▸ Task: Output exactly the lines below, starting with the line that has "constraints: 7 vertical" and going on through the line that has "circle A1 centre (3.0989, 7.3888)", both included, and no other lines.

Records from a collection
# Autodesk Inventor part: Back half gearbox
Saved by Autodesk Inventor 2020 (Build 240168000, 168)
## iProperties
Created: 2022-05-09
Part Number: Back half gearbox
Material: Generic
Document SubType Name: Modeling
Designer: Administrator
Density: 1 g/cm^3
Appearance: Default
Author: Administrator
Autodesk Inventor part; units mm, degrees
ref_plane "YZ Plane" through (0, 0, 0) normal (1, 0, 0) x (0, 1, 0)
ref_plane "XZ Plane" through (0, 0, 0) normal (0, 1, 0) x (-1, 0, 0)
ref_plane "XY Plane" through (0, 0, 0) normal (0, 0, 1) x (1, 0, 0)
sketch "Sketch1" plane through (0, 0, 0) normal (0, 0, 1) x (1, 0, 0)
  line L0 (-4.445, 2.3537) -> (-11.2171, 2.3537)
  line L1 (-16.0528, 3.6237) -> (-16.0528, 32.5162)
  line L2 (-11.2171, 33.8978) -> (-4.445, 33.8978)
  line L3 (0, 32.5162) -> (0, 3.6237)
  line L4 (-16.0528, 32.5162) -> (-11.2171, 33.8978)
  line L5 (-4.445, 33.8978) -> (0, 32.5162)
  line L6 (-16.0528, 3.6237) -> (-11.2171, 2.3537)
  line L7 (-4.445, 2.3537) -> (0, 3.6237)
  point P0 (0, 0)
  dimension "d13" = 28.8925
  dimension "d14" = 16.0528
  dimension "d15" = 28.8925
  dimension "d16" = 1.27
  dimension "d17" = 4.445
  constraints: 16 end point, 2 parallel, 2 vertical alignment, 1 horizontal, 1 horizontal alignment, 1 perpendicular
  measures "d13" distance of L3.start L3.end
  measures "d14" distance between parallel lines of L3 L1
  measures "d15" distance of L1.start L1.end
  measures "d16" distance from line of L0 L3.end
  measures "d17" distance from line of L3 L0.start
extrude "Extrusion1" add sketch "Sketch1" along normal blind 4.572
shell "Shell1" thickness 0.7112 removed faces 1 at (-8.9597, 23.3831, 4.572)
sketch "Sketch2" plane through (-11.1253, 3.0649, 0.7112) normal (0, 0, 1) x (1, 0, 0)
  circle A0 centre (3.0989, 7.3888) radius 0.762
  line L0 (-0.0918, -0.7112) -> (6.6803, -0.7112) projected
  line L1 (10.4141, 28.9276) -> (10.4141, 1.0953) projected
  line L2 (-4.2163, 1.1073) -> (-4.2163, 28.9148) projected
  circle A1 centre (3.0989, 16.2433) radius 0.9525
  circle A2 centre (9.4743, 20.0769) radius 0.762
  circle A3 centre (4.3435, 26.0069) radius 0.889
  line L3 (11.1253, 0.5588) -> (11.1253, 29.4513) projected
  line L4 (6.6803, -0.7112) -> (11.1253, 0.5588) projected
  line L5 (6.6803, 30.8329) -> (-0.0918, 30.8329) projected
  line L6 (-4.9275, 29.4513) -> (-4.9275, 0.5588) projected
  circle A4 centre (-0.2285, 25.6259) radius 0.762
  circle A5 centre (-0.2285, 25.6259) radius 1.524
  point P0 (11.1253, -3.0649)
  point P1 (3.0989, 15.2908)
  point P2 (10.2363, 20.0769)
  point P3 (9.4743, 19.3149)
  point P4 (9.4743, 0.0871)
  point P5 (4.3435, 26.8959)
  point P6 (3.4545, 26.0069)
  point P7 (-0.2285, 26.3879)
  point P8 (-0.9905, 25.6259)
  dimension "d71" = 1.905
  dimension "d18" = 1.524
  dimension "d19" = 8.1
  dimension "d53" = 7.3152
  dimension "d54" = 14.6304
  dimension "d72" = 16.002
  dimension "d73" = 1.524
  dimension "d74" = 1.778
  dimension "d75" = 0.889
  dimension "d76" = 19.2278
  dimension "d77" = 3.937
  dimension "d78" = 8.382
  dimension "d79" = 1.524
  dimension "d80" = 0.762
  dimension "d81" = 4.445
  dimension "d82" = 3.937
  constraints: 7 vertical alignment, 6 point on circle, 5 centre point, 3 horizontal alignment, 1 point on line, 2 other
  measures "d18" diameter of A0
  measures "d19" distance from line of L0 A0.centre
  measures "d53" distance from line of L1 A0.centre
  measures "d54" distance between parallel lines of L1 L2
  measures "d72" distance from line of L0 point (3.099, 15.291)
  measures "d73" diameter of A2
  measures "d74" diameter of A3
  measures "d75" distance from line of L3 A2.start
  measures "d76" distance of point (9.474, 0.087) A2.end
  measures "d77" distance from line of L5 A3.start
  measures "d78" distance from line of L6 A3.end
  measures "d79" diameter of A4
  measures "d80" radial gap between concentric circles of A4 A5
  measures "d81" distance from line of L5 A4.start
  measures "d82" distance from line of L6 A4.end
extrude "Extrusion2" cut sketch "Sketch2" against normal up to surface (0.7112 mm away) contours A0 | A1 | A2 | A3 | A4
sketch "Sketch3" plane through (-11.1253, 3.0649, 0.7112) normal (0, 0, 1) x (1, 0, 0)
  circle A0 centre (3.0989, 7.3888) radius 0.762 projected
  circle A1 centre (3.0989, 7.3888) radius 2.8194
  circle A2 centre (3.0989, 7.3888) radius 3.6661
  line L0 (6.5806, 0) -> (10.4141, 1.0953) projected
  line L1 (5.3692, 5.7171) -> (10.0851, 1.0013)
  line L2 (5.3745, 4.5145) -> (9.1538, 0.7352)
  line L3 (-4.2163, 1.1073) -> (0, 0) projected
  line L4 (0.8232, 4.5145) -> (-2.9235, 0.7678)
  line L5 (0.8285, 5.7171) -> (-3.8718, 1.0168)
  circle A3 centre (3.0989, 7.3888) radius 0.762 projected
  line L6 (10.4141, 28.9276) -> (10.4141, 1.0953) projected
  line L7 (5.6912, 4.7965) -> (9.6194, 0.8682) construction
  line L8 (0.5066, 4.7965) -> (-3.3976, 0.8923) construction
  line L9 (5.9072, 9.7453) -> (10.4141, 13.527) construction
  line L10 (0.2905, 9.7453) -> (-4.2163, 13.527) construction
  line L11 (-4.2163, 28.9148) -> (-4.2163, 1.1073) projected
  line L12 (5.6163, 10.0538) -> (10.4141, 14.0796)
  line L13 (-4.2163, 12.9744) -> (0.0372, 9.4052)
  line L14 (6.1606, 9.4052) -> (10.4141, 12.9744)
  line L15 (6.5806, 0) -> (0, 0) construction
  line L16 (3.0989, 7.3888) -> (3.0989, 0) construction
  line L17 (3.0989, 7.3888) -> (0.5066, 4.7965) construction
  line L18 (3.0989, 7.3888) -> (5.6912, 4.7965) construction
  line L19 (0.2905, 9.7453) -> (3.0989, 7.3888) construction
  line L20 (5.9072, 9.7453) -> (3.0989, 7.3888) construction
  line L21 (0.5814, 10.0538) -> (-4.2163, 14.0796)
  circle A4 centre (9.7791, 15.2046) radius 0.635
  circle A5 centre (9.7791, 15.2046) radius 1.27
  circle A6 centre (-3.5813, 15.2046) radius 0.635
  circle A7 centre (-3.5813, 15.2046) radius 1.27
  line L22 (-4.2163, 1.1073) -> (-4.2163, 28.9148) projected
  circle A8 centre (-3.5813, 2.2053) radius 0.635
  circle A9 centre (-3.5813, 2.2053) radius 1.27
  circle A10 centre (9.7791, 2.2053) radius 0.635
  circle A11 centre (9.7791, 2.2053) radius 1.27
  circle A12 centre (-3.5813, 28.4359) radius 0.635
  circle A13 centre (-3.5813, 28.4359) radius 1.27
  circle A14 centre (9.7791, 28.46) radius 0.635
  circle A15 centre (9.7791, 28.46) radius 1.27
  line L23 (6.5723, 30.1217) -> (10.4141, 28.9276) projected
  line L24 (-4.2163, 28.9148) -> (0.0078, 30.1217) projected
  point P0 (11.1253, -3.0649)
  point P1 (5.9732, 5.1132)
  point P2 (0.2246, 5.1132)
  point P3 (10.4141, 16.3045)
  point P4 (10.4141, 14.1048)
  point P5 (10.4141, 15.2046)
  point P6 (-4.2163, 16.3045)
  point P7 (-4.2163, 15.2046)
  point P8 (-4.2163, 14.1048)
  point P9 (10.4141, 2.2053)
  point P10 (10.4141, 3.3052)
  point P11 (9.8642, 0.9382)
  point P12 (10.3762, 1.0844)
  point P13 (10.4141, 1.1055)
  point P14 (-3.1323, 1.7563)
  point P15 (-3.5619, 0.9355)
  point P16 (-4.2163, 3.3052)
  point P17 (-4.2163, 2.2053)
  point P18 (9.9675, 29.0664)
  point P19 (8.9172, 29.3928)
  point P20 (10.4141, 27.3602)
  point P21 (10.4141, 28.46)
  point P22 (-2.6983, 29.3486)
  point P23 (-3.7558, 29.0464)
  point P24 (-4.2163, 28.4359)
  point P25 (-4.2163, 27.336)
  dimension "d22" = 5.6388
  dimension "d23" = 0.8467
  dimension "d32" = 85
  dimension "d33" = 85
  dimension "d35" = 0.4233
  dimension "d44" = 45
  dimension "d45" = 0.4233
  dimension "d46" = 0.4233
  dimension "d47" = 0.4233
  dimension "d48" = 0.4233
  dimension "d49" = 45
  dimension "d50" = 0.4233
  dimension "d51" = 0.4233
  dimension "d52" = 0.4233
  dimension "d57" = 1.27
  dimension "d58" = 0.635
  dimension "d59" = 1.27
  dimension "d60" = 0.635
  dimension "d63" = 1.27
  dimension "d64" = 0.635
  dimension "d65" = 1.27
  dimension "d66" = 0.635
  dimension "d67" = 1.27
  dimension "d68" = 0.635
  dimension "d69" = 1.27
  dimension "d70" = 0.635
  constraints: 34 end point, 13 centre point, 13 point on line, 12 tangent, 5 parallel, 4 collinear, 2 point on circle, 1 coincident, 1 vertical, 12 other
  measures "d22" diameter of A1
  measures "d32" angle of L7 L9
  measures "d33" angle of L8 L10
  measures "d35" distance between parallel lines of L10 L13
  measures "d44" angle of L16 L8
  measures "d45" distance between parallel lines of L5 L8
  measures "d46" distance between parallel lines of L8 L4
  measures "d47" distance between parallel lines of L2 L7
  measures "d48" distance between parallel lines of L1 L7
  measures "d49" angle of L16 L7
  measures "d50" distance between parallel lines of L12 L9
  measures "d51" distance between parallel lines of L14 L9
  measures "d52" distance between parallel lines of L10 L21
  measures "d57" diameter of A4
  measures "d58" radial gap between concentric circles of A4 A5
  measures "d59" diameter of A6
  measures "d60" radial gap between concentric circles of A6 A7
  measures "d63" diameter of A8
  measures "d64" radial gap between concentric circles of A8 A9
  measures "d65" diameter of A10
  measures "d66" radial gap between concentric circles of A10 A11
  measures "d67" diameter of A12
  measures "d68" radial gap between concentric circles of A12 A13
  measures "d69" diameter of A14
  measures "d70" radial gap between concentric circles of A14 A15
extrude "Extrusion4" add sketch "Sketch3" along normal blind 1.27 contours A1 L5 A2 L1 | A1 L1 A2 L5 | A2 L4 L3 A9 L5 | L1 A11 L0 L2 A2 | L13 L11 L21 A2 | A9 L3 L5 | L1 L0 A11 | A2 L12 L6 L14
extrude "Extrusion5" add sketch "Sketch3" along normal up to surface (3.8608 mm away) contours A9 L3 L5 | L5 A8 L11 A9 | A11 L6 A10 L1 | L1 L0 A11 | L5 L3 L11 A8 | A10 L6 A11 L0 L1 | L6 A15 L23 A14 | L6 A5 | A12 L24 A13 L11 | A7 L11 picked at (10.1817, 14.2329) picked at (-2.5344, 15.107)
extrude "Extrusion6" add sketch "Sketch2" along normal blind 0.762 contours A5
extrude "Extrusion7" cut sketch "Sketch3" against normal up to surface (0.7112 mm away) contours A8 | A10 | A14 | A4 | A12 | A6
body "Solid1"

▸ Solution below:
  constraints: 7 vertical alignment, 6 point on circle, 5 centre point, 3 horizontal alignment, 1 point on line, 2 other
  measures "d18" diameter of A0
  measures "d19" distance from line of L0 A0.centre
  measures "d53" distance from line of L1 A0.centre
  measures "d54" distance between parallel lines of L1 L2
  measures "d72" distance from line of L0 point (3.099, 15.291)
  measures "d73" diameter of A2
  measures "d74" diameter of A3
  measures "d75" distance from line of L3 A2.start
  measures "d76" distance of point (9.474, 0.087) A2.end
  measures "d77" distance from line of L5 A3.start
  measures "d78" distance from line of L6 A3.end
  measures "d79" diameter of A4
  measures "d80" radial gap between concentric circles of A4 A5
  measures "d81" distance from line of L5 A4.start
  measures "d82" distance from line of L6 A4.end
extrude "Extrusion2" cut sketch "Sketch2" against normal up to surface (0.7112 mm away) contours A0 | A1 | A2 | A3 | A4
sketch "Sketch3" plane through (-11.1253, 3.0649, 0.7112) normal (0, 0, 1) x (1, 0, 0)
  circle A0 centre (3.0989, 7.3888) radius 0.762 projected
  circle A1 centre (3.0989, 7.3888) radius 2.8194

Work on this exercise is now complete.